[Work to complete]:
All that is needed is the run of lines from the top of the entries to the line with "layer by layer", that line included, repeated exactly and free of pictures.

[Dataset entries]:
BEGIN
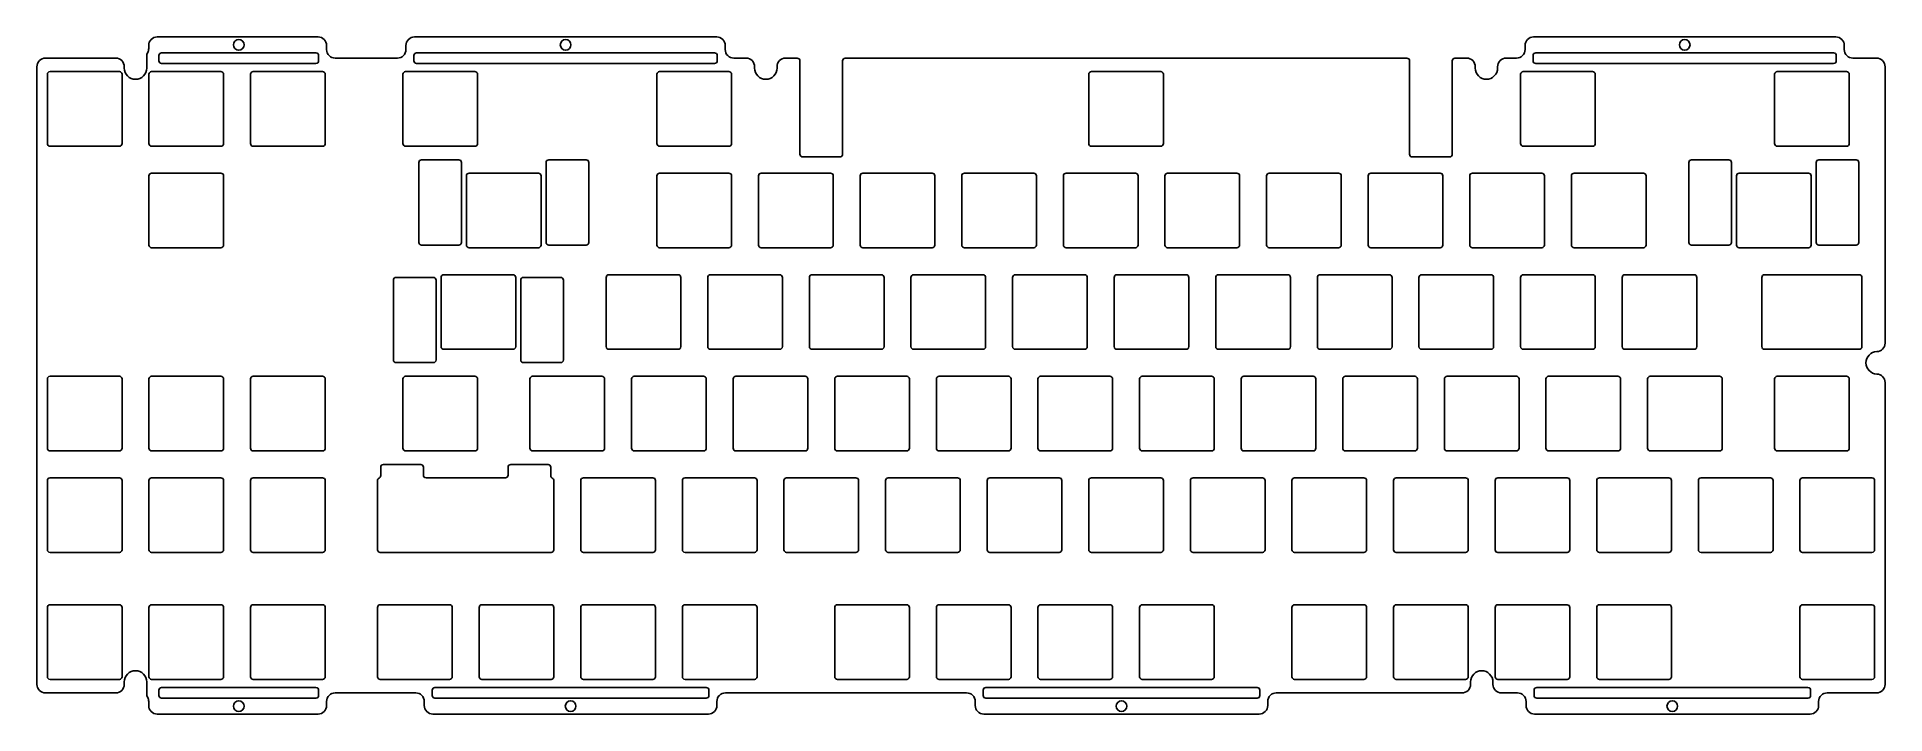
# Model space of a CAD drawing. Header units: millimetres. Extents: x -347 to -1, y -4 to 123.
import ezdxf

# ---------------------------------------------------------------- set-up
doc = ezdxf.new("R2010")
doc.units = ezdxf.units.MM
doc.layers.get('0').update_dxf_attribs({"linetype": 'CONTINUOUS'})

msp = doc.modelspace()

# ---------------------------------------------------------------- linework, layer by layer
for points in [[(-81.72, 118.56), (-81.72, 101.04, -0.414214), (-82.22, 100.54), (-89.23, 100.54, -0.414214), (-89.73, 101.04), (-89.73, 118.56, 0.414214), (-90.23, 119.06), (-195.52, 119.06, 0.414214), (-196.02, 118.56), (-196.02, 101.04, -0.414214), (-196.53, 100.54), (-203.53, 100.54, -0.414214), (-204.03, 101.04), (-204.03, 118.56, 0.414214), (-204.53, 119.06), (-206.73, 119.06, 0.414214), (-208.33, 117.46), (-208.33, 117.2, -1), (-212.53, 117.2), (-212.53, 117.46, 0.414214), (-214.13, 119.06), (-216.44, 119.06, -0.414214), (-218.04, 120.66), (-218.04, 121.44, 0.414214), (-219.64, 123.04), (-276.3, 123.04, 0.414214), (-277.9, 121.44), (-277.9, 120.66, -0.414214), (-279.5, 119.06), (-291.18, 119.06, -0.414213), (-292.78, 120.66), (-292.78, 121.44, 0.414213), (-294.38, 123.04), (-324.54, 123.04, 0.414214), (-326.14, 121.44), (-326.14, 120.85, -0.122858), (-326.33, 120.1, 0.122858), (-326.51, 119.35), (-326.51, 117.2, -1), (-330.71, 117.2), (-330.71, 117.46, 0.414214), (-332.31, 119.06), (-345.49, 119.06, 0.414214), (-347.09, 117.46), (-347.09, 1.6, 0.414214), (-345.49, 0), (-332.31, 0, 0.414214), (-330.71, 1.6), (-330.71, 2.05, -1), (-326.51, 2.05), (-326.51, -0.1, 0.122858), (-326.33, -0.85, -0.122858), (-326.14, -1.6), (-326.14, -2.38, 0.414214), (-324.54, -3.98), (-294.38, -3.98, 0.414214), (-292.78, -2.38), (-292.78, -1.6, -0.414214), (-291.18, 0), (-276.06, 0, -0.414214), (-274.46, -1.6), (-274.46, -2.38, 0.414214), (-272.86, -3.98), (-221.2, -3.98, 0.414214), (-219.6, -2.38), (-219.6, -1.6, -0.414214), (-218, 0), (-172.77, 0, -0.414214), (-171.17, -1.6), (-171.17, -2.38, 0.414214), (-169.57, -3.98), (-117.91, -3.98, 0.414214), (-116.31, -2.38), (-116.31, -1.6, -0.414214), (-114.71, 0), (-79.9, 0, 0.414214), (-78.3, 1.6), (-78.3, 2.05, -1), (-74.1, 2.05), (-74.1, 1.6, 0.414214), (-72.5, 0), (-69.49, 0, -0.414214), (-67.89, -1.6), (-67.89, -2.38, 0.414214), (-66.29, -3.98), (-14.62, -3.98, 0.414214), (-13.02, -2.38), (-13.02, -1.6, -0.414214), (-11.42, 0), (-2.18, 0, 0.414214), (-0.57, 1.6), (-0.57, 58.21, 0.404371), (-2.12, 59.81, -0.966833), (-2.12, 64.01, 0.404371), (-0.57, 65.61), (-0.57, 117.46, 0.414214), (-2.18, 119.06), (-6.61, 119.06, -0.414214), (-8.21, 120.66), (-8.21, 121.44, 0.414214), (-9.81, 123.04), (-66.47, 123.04, 0.414214), (-68.07, 121.44), (-68.07, 120.66, -0.414214), (-69.67, 119.06), (-71.62, 119.06, 0.414214), (-73.22, 117.46), (-73.22, 117.2, -1), (-77.42, 117.2), (-77.42, 117.46, 0.414214), (-79.02, 119.06), (-81.22, 119.06, 0.414214)], [(-294.27, 119.56), (-294.27, 118.56, -0.414214), (-294.77, 118.06), (-323.72, 118.06, -0.414214), (-324.22, 118.56), (-324.22, 119.56, -0.414214), (-323.72, 120.06), (-294.77, 120.06, -0.414214)], [(-219.54, 119.56), (-219.54, 118.56, -0.414214), (-220.04, 118.06), (-275.9, 118.06, -0.414214), (-276.4, 118.56), (-276.4, 119.56, -0.414214), (-275.9, 120.06), (-220.04, 120.06, -0.414214)], [(-66.57, 118.56), (-66.57, 119.56, -0.414214), (-66.07, 120.06), (-10.21, 120.06, -0.414214), (-9.71, 119.56), (-9.71, 118.56, -0.414214), (-10.21, 118.06), (-66.07, 118.06, -0.414214)], [(-331.64, 102.54), (-344.64, 102.54, -0.414214), (-345.14, 103.04), (-345.14, 116.04, -0.414214), (-344.64, 116.54), (-331.64, 116.54, -0.414214), (-331.14, 116.04), (-331.14, 103.04, -0.414214)], [(-312.59, 102.54), (-325.59, 102.54, -0.414214), (-326.09, 103.04), (-326.09, 116.04, -0.414214), (-325.59, 116.54), (-312.59, 116.54, -0.414214), (-312.09, 116.04), (-312.09, 103.04, -0.414214)], [(-307.04, 103.04), (-307.04, 116.04, -0.414214), (-306.54, 116.54), (-293.54, 116.54, -0.414214), (-293.04, 116.04), (-293.04, 103.04, -0.414214), (-293.54, 102.54), (-306.54, 102.54, -0.414214)], [(-264.46, 116.04), (-264.46, 103.04, -0.414214), (-264.96, 102.54), (-277.96, 102.54, -0.414214), (-278.46, 103.04), (-278.46, 116.04, -0.414214), (-277.96, 116.54), (-264.96, 116.54, -0.414214)], [(-216.84, 116.04), (-216.84, 103.04, -0.414214), (-217.34, 102.54), (-230.34, 102.54, -0.414214), (-230.84, 103.04), (-230.84, 116.04, -0.414214), (-230.34, 116.54), (-217.34, 116.54, -0.414214)], [(-136.38, 102.54), (-149.38, 102.54, -0.414214), (-149.88, 103.04), (-149.88, 116.04, -0.414214), (-149.38, 116.54), (-136.38, 116.54, -0.414214), (-135.88, 116.04), (-135.88, 103.04, -0.414214)], [(-54.91, 116.04), (-54.91, 103.04, -0.414214), (-55.41, 102.54), (-68.41, 102.54, -0.414214), (-68.91, 103.04), (-68.91, 116.04, -0.414214), (-68.41, 116.54), (-55.41, 116.54, -0.414214)], [(-7.29, 116.04), (-7.29, 103.04, -0.414214), (-7.79, 102.54), (-20.79, 102.54, -0.414214), (-21.29, 103.04), (-21.29, 116.04, -0.414214), (-20.79, 116.54), (-7.79, 116.54, -0.414214)], [(-326.09, 83.99), (-326.09, 96.99, -0.414214), (-325.59, 97.49), (-312.59, 97.49, -0.414214), (-312.09, 96.99), (-312.09, 83.99, -0.414214), (-312.59, 83.49), (-325.59, 83.49, -0.414214)], [(-267.49, 99.49), (-267.49, 84.49, -0.414214), (-267.99, 83.99), (-274.99, 83.99, -0.414214), (-275.49, 84.49), (-275.49, 99.49, -0.414214), (-274.99, 99.99), (-267.99, 99.99, -0.414214)], [(-253.06, 83.49, 0.414214), (-252.56, 83.99), (-252.56, 96.99, 0.414214), (-253.06, 97.49), (-266.06, 97.49, 0.414214), (-266.56, 96.99), (-266.56, 83.99, 0.414214), (-266.06, 83.49)], [(-251.12, 99.99), (-244.12, 99.99, -0.414214), (-243.62, 99.49), (-243.62, 84.49, -0.414214), (-244.12, 83.99), (-251.12, 83.99, -0.414214), (-251.62, 84.49), (-251.62, 99.49, -0.414214)], [(-217.34, 83.49), (-230.34, 83.49, -0.414214), (-230.84, 83.99), (-230.84, 96.99, -0.414214), (-230.34, 97.49), (-217.34, 97.49, -0.414214), (-216.84, 96.99), (-216.84, 83.99, -0.414214)], [(-198.29, 83.49), (-211.29, 83.49, -0.414214), (-211.79, 83.99), (-211.79, 96.99, -0.414214), (-211.29, 97.49), (-198.29, 97.49, -0.414214), (-197.79, 96.99), (-197.79, 83.99, -0.414214)], [(-192.74, 83.99), (-192.74, 96.99, -0.414214), (-192.24, 97.49), (-179.24, 97.49, -0.414214), (-178.74, 96.99), (-178.74, 83.99, -0.414214), (-179.24, 83.49), (-192.24, 83.49, -0.414214)], [(-160.19, 83.49), (-173.19, 83.49, -0.414214), (-173.69, 83.99), (-173.69, 96.99, -0.414214), (-173.19, 97.49), (-160.19, 97.49, -0.414214), (-159.69, 96.99), (-159.69, 83.99, -0.414214)], [(-154.64, 83.99), (-154.64, 96.99, -0.414214), (-154.14, 97.49), (-141.14, 97.49, -0.414214), (-140.64, 96.99), (-140.64, 83.99, -0.414214), (-141.14, 83.49), (-154.14, 83.49, -0.414214)], [(-122.09, 83.49), (-135.09, 83.49, -0.414214), (-135.59, 83.99), (-135.59, 96.99, -0.414214), (-135.09, 97.49), (-122.09, 97.49, -0.414214), (-121.59, 96.99), (-121.59, 83.99, -0.414214)], [(-116.54, 83.99), (-116.54, 96.99, -0.414214), (-116.04, 97.49), (-103.04, 97.49, -0.414214), (-102.54, 96.99), (-102.54, 83.99, -0.414214), (-103.04, 83.49), (-116.04, 83.49, -0.414214)], [(-83.99, 83.49, 0.414214), (-83.49, 83.99), (-83.49, 96.99, 0.414214), (-83.99, 97.49), (-96.99, 97.49, 0.414214), (-97.49, 96.99), (-97.49, 83.99, 0.414214), (-96.99, 83.49)], [(-64.94, 83.49), (-77.94, 83.49, -0.414214), (-78.44, 83.99), (-78.44, 96.99, -0.414214), (-77.94, 97.49), (-64.94, 97.49, -0.414214), (-64.44, 96.99), (-64.44, 83.99, -0.414214)], [(-45.89, 83.49, 0.414214), (-45.39, 83.99), (-45.39, 96.99, 0.414214), (-45.89, 97.49), (-58.89, 97.49, 0.414214), (-59.39, 96.99), (-59.39, 83.99, 0.414214), (-58.89, 83.49)], [(-36.87, 99.99), (-29.87, 99.99, -0.414214), (-29.37, 99.49), (-29.37, 84.49, -0.414214), (-29.87, 83.99), (-36.87, 83.99, -0.414214), (-37.37, 84.49), (-37.37, 99.49, -0.414214)], [(-14.93, 83.49, 0.414214), (-14.43, 83.99), (-14.43, 96.99, 0.414214), (-14.93, 97.49), (-27.93, 97.49, 0.414214), (-28.43, 96.99), (-28.43, 83.99, 0.414214), (-27.93, 83.49)], [(-5.49, 99.49), (-5.49, 84.49, -0.414214), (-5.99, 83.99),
END
[Result of this task]:
# Model space of a CAD drawing. Header units: millimetres. Extents: x -347 to -1, y -4 to 123.
import ezdxf

# ---------------------------------------------------------------- set-up
doc = ezdxf.new("R2010")
doc.units = ezdxf.units.MM
doc.layers.get('0').update_dxf_attribs({"linetype": 'CONTINUOUS'})

msp = doc.modelspace()

# ---------------------------------------------------------------- linework, layer by layer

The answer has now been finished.